The peel order is fixed and confirmed at the five call sites. IsLoopFusion is tested first (it recurses over its constituent leaves). The remaining heavy arms — output-fusion, then conv (0x2b), then reduce-window (0x5e) — are nested inside a single IsConvLowerable(inst) gate (line 256): when that gate holds, the router materializes a ConvCostState (via GetConvolutionCostState / CalculateNestedConvolutionWindows) shared by all three window arms, dispatched in that order. Only a non-conv-lowerable, non-loop-fusion op reaches the leaf fallthrough.

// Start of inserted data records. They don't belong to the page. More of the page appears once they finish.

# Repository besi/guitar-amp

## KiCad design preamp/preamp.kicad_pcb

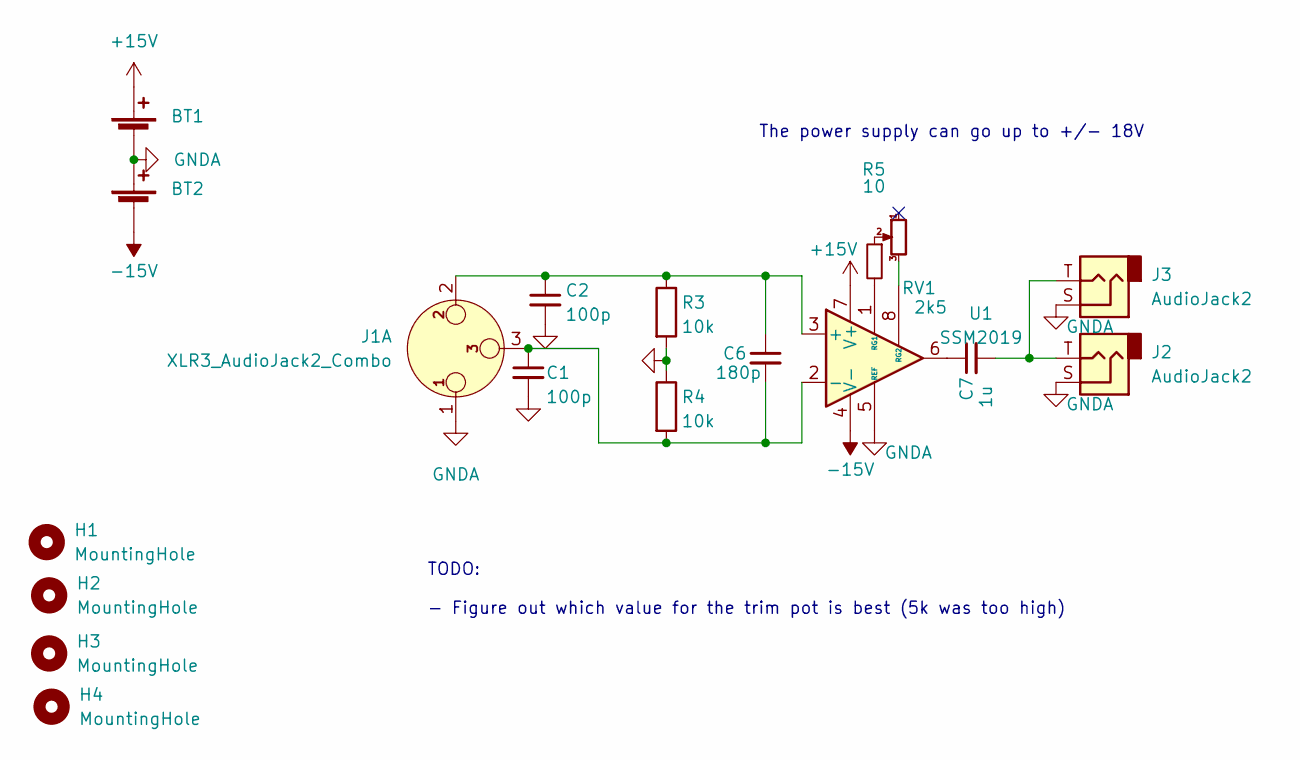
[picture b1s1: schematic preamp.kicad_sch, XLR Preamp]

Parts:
BT1, BT2: Battery_Cell; BarrelJack_GCT_DCJ200-10-A_Horizontal
C1, C2: 100p; C_Disc_D3.0mm_W1.6mm_P2.50mm
C6: 180p; C_Disc_D3.0mm_W1.6mm_P2.50mm
C7: 1u; C_Rect_L7.0mm_W2.5mm_P5.00mm
H1, H2, H3, H4: MountingHole; MountingHole_3.2mm_M3_DIN965
J1: XLR3_AudioJack2_Combo; Jack_XLR_Neutrik_NC3FAAH2_Horizontal
J2: AudioJack2; Jack_6.35mm_Neutrik_NMJ6HFD2_Horizontal
J3: AudioJack2; Jack_3.5mm_CUI_SJ-3523-SMT_Horizontal
R3, R4: 10k; R_Axial_DIN0207_L6.3mm_D2.5mm_P7.62mm_Horizontal
R5: 10; R_Axial_DIN0207_L6.3mm_D2.5mm_P7.62mm_Horizontal
RV1: 2k5; Potentiometer_Alps_RK163_Single_Horizontal
U1: SSM2019; DIP-8_W7.62mm_LongPads

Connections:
+15V: BT1.1 (+), U1.7 (V+)
-15V: BT2.2 (-), U1.4 (V-)
GNDA: BT1.2 (-), BT2.1 (+), C1.2, C2.2, J1.1, J2.S, J3.S, R3.2, R4.1, U1.5 (REF)
unnamed: C1.1, C6.2, J1.3, R4.2, U1.2 (-)
unnamed: C2.1, C6.1, J1.2, R3.1, U1.3 (+)
unnamed: C7.1, U1.6
unnamed: C7.2, J2.T, J3.T
unnamed: R5.1, RV1.2
unnamed: R5.2, U1.1 (RG1)
unnamed: RV1.3, U1.8 (RG2)

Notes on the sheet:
The power supply can go up to +/- 18V
TODO: - Figure out which value for the trim pot is best (5k was too high)

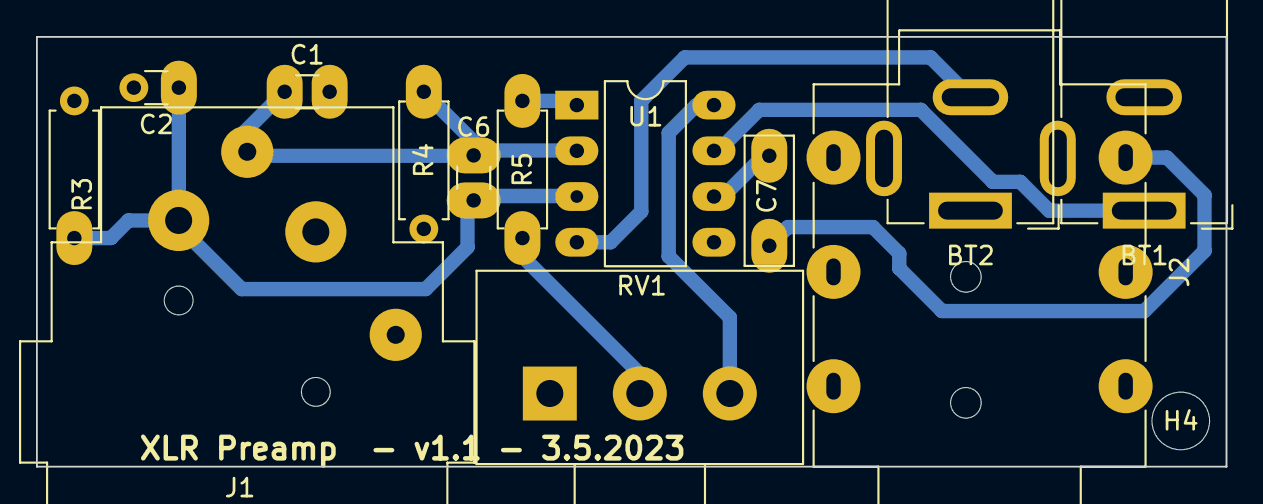
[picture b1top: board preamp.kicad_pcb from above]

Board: 2 copper layers, 66.1 x 23.9 mm, 18 parts (1 on the bottom side), 10 nets.

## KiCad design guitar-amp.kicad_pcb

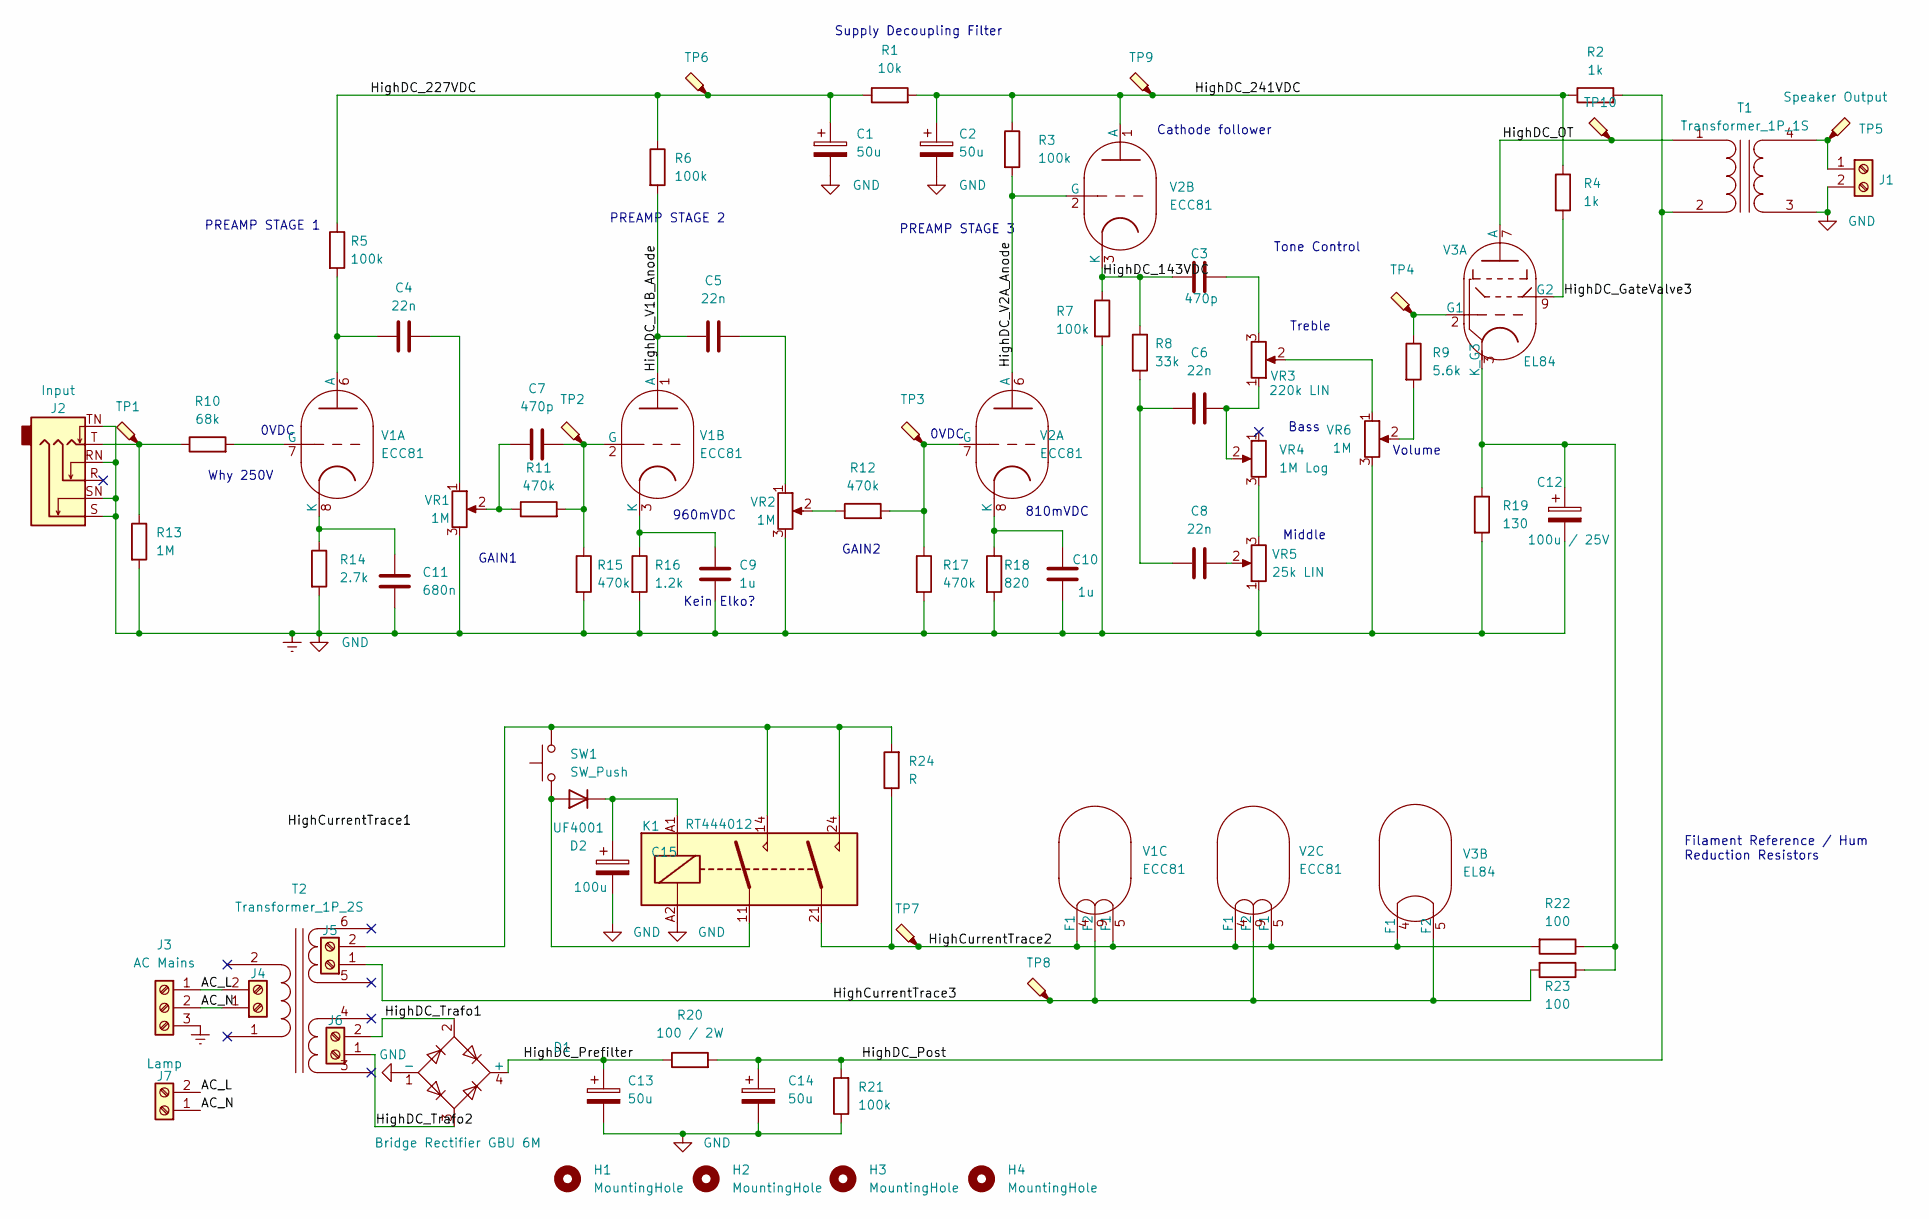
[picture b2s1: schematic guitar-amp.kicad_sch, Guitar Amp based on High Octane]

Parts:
C1, C2, C13, C14: 50u; CP_Radial_D16.0mm_P7.50mm
C3, C7: 470p; C_Disc_D7.0mm_W2.5mm_P5.00mm
C4, C5, C6, C8: 22n; C_Rect_L18.0mm_W5.0mm_P15.00mm_FKS3_FKP3
C9, C10: 1u; C_Rect_L10.3mm_W5.0mm_P7.50mm_MKS4
C11: 680n; C_Axial_L17.0mm_D7.0mm_P20.00mm_Horizontal
C12: 100u / 25V; CP_Radial_D8.0mm_P3.80mm
C15: 100u
D1: Bridge Rectifier GBU 6M; Diode_Bridge_Vishay_GBU
D2: UF4001; D_DO-41_SOD81_P10.16mm_Horizontal
H1, H2, H3, H4: MountingHole; MountingHole_3.2mm_M3
J1: Speaker Output; TerminalBlock_RND_205-00001_1x02_P5.00mm_Horizontal
J2: Input; Jack_6.35mm_Neutrik_NMJ6HFD2-AU_Horizontal
J3: AC Mains; TerminalBlock_RND_205-00002_1x03_P5.00mm_Horizontal
J4, J5, J6: Screw_Terminal_01x02; TerminalBlock_RND_205-00001_1x02_P5.00mm_Horizontal
J7: Lamp; TerminalBlock_RND_205-00001_1x02_P5.00mm_Horizontal
K1: RT444012; Relay_DPST_Schrack-RT2-FormA_RM5mm
R1: 10k; R_Axial_DIN0411_L9.9mm_D3.6mm_P12.70mm_Horizontal
R2, R4: 1k; R_Axial_DIN0411_L9.9mm_D3.6mm_P12.70mm_Horizontal
R3, R5, R6, R7: 100k; R_Axial_DIN0207_L6.3mm_D2.5mm_P7.62mm_Horizontal
R8: 33k; R_Axial_DIN0207_L6.3mm_D2.5mm_P7.62mm_Horizontal
R9: 5.6k; R_Axial_DIN0207_L6.3mm_D2.5mm_P7.62mm_Horizontal
R10: 68k; R_Axial_DIN0207_L6.3mm_D2.5mm_P7.62mm_Horizontal
R11, R12, R15, R17: 470k; R_Axial_DIN0207_L6.3mm_D2.5mm_P7.62mm_Horizontal
R13: 1M; R_Axial_DIN0207_L6.3mm_D2.5mm_P7.62mm_Horizontal
R14: 2.7k; R_Axial_DIN0207_L6.3mm_D2.5mm_P7.62mm_Horizontal
R16: 1.2k; R_Axial_DIN0207_L6.3mm_D2.5mm_P7.62mm_Horizontal
R18: 820; R_Axial_DIN0207_L6.3mm_D2.5mm_P7.62mm_Horizontal
R19: 130; R_Axial_DIN0411_L9.9mm_D3.6mm_P12.70mm_Horizontal
R20: 100 / 2W; R_Axial_DIN0411_L9.9mm_D3.6mm_P12.70mm_Horizontal
R21: 100k; R_Axial_DIN0411_L9.9mm_D3.6mm_P12.70mm_Horizontal
R22, R23: 100; R_Axial_DIN0207_L6.3mm_D2.5mm_P7.62mm_Horizontal
R24: R; R_Axial_Power_L20.0mm_W6.4mm_P25.40mm
SW1: SW_Push; SW_Tactile_SPST_Angled_PTS645Vx58-2LFS
T1: Transformer_1P_1S; TerminalBlock_RND_205-00003_1x04_P5.00mm_Horizontal
T2: Transformer_1P_2S
TP1, TP2, TP3, TP4, TP5, TP6, TP7, TP8, TP9, TP10: TestPoint_Probe; TestPoint_Pad_D2.5mm
V1, V2: ECC81; Valve_ECC-83-1
V3: EL84; Valve_ECC-83-1
VR1, VR2, VR6: 1M; Potentiometer_Alps_RK163_Single_Horizontal
VR3: 220k LIN; Potentiometer_Alps_RK163_Single_Horizontal
VR4: 1M Log; Potentiometer_Alps_RK163_Single_Horizontal
VR5: 25k LIN; Potentiometer_Alps_RK163_Single_Horizontal

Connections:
/AC_L: J3.1, J4.2, J7.2
/AC_N: J3.2, J4.1, J7.1
/HighCurrentTrace2: K1.21, R22.2, R24.1, TP7.1, V1.4 (F1), V1.5 (F1), V2.4 (F1), V2.5 (F1), V3.4 (F1)
/HighCurrentTrace3: J5.1, R23.2, TP8.1, V1.9 (F2), V2.9 (F2), V3.5 (F2)
/HighDC_143VDC: C3.1, R7.1, R8.1, V2.3 (K)
/HighDC_227VDC: C1.1, R1.1, R5.1, R6.1, TP6.1
/HighDC_241VDC: C2.1, R1.2, R2.1, R3.1, R4.1, TP9.1, V2.1 (A)
/HighDC_GateValve3: R4.2, V3.9 (G2)
/HighDC_OT: T1.1 (AA), TP10.1, V3.7 (A)
/HighDC_Post: C14.1, R2.2, R20.2, R21.2, T1.2 (AB)
/HighDC_Prefilter: C13.1, D1.4 (+), R20.1
/HighDC_Trafo1: D1.2, J6.2
/HighDC_Trafo2: D1.3, J6.1
/HighDC_V1B_Anode: C5.1, R6.2, V1.1 (A)
/HighDC_V2A_Anode: R3.2, V2.2 (G), V2.6 (A)
Earth: C1.2, C2.2, C9.2, C10.2, C11.2, C12.2, C13.2, C14.2, C15.2, D1.1 (-), J1.2, J2.RN, J2.S, J2.SN, J2.TN, J3.3, K1.A2, R7.2, R13.2, R14.2, R15.2, R16.2, R17.2, R18.2, R19.2, R21.1, T1.3 (SA), VR1.3, VR2.3, VR5.1, VR6.3
unnamed: C3.2, VR3.3
unnamed: C4.1, R5.2, V1.6 (A)
unnamed: C4.2, VR1.1
unnamed: C5.2, VR2.1
unnamed: C6.1, C8.1, R8.2
unnamed: C6.2, VR3.1, VR4.2
unnamed: C7.1, R11.1, VR1.2
unnamed: C7.2, R11.2, R15.1, TP2.1, V1.2 (G)
unnamed: C8.2, VR5.2
unnamed: C9.1, R16.1, V1.3 (K)
unnamed: C10.1, R18.1, V2.8 (K)
unnamed: C11.1, R14.1, V1.8 (K)
unnamed: C12.1, R19.1, R22.1, R23.1, V3.3 (K_G3)
unnamed: J1.1, T1.4 (SB), TP5.1
unnamed: J2.T, R10.1, R13.1, TP1.1
unnamed: J5.2, K1.14, K1.24, R24.2, SW1.2
unnamed: D2.2 (A), K1.11, SW1.1
unnamed: C15.1, D2.1 (K), K1.A1
unnamed: R9.1, TP4.1, V3.2 (G1)
unnamed: R9.2, VR6.2
unnamed: R10.2, V1.7 (G)
unnamed: R12.1, VR2.2
unnamed: R12.2, R17.1, TP3.1, V2.7 (G)
unnamed: VR3.2, VR6.1
unnamed: VR4.3, VR5.3

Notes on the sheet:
960mVDC
Cathode follower
Why 250V
PREAMP STAGE 1
Volume
Treble
Filament Reference / Hum Reduction Resistors
0VDC
810mVDC
Kein Elko?
GAIN1
GAIN2
PREAMP STAGE 3
PREAMP STAGE 2
Middle
Supply Decoupling Filter
Bass
Tone Control

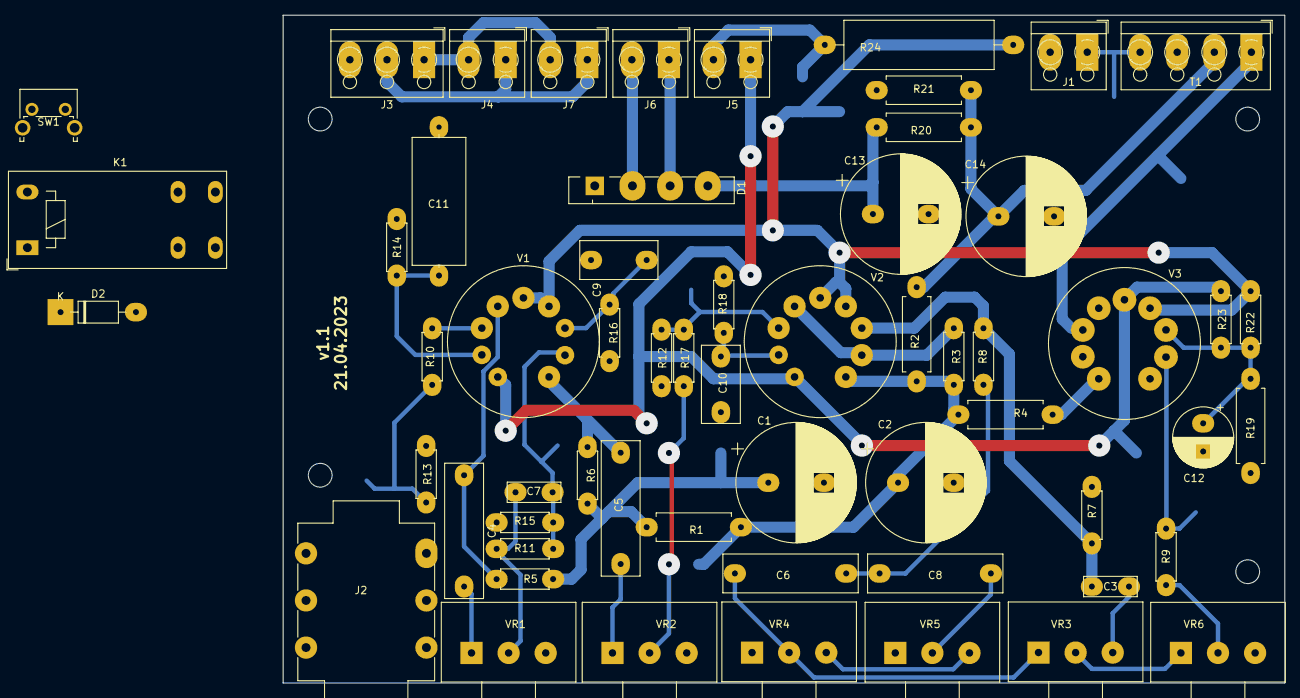
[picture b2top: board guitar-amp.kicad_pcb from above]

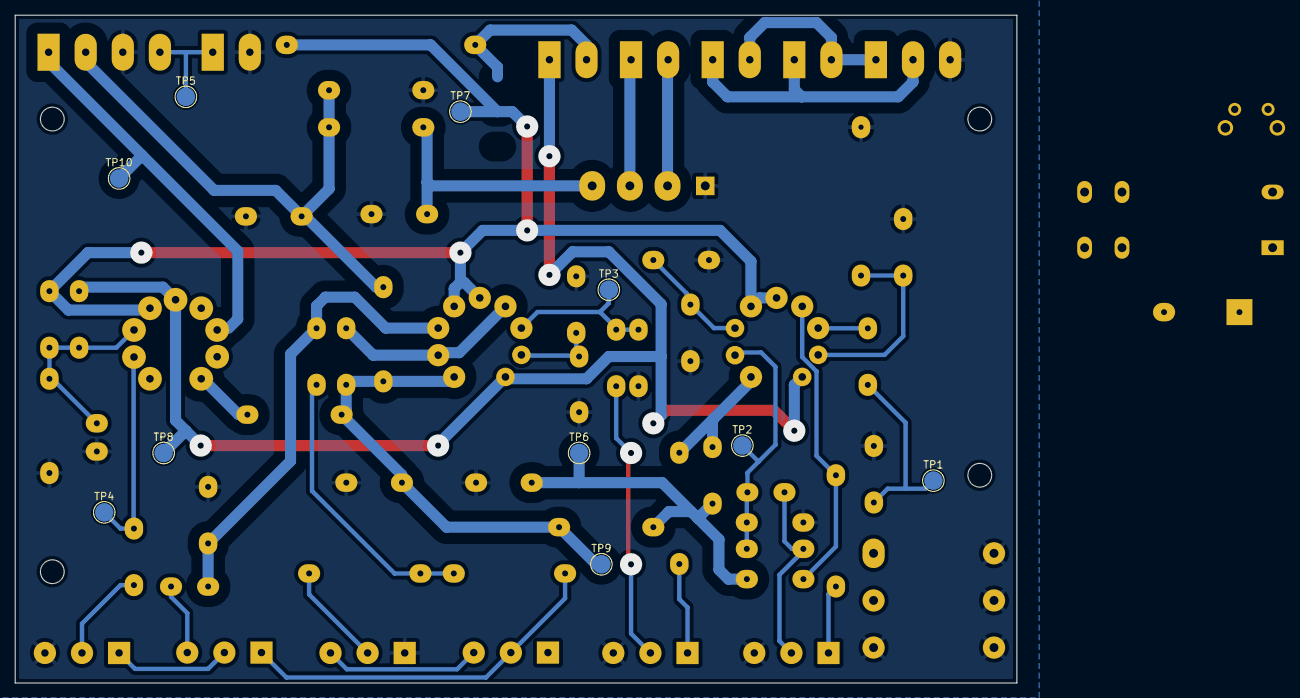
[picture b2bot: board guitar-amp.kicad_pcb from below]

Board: 2 copper layers, 135.0 x 90.0 mm, 73 parts (10 on the bottom side), 41 nets.

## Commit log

2023-02-19 Added empty project
2023-03-10 Add valves
2023-04-04 Add resistors
2023-04-04 Add capacitors
2023-04-04 Add potentiometers
2023-04-11 Add guitar jack
2023-04-11 Model the schematic
2023-04-12 Roughly layout the components on the PCB
2023-04-12 First draft of routing
2023-04-16 Routing improvements
2023-04-16 update pads
2023-04-16 Update version
2023-04-16 prepare for plotting
2023-04-21 Add lamp and test points
2023-04-21 Make the filament traces bigger
2023-04-21 Integrate feedback from stackoverflow
2023-04-24 Fix R6 and Remove C15
2023-04-24 Self latching circuit for soft start
2023-04-29 Add preamp for mic
2023-04-29 Prepare for routing
2023-04-30 Add RCA Plug
2023-04-30 Routing of preamp
2023-04-30 Add 3d models
2023-05-01 Add mounting holes
2023-05-01 Prepare for milling
2023-05-02 Update board with the findings of the pcb
2023-05-05 Replace the RCA jack with an Audio Jack
2023-05-05 milling
2023-05-06 Small improvements
2023-05-06 Cleanup
2023-05-06 Small changes

The reduce-window arm is the else of the conv test and guards itself with CHECK(hlo_to_fuse->opcode() == kReduceWindow) (MakeCheckOpString @line 526, cost_model.cc:6236), so a mis-classified peel aborts rather than mis-prices.

NOTE — the leaf RecordHloCycles itself CHECKs !hlo->IsLoopFusion() && !hlo->IsOutputFusion() (cost_model.cc:6609, @0x130bbfe0 line 128). A fusion root must never reach the leaf — it is RecordCyclesIfFused's job to peel it first. A reimplementation that calls the leaf on a fusion root trips this assertion. The peel router is the only legal path from a fusion to a deposit.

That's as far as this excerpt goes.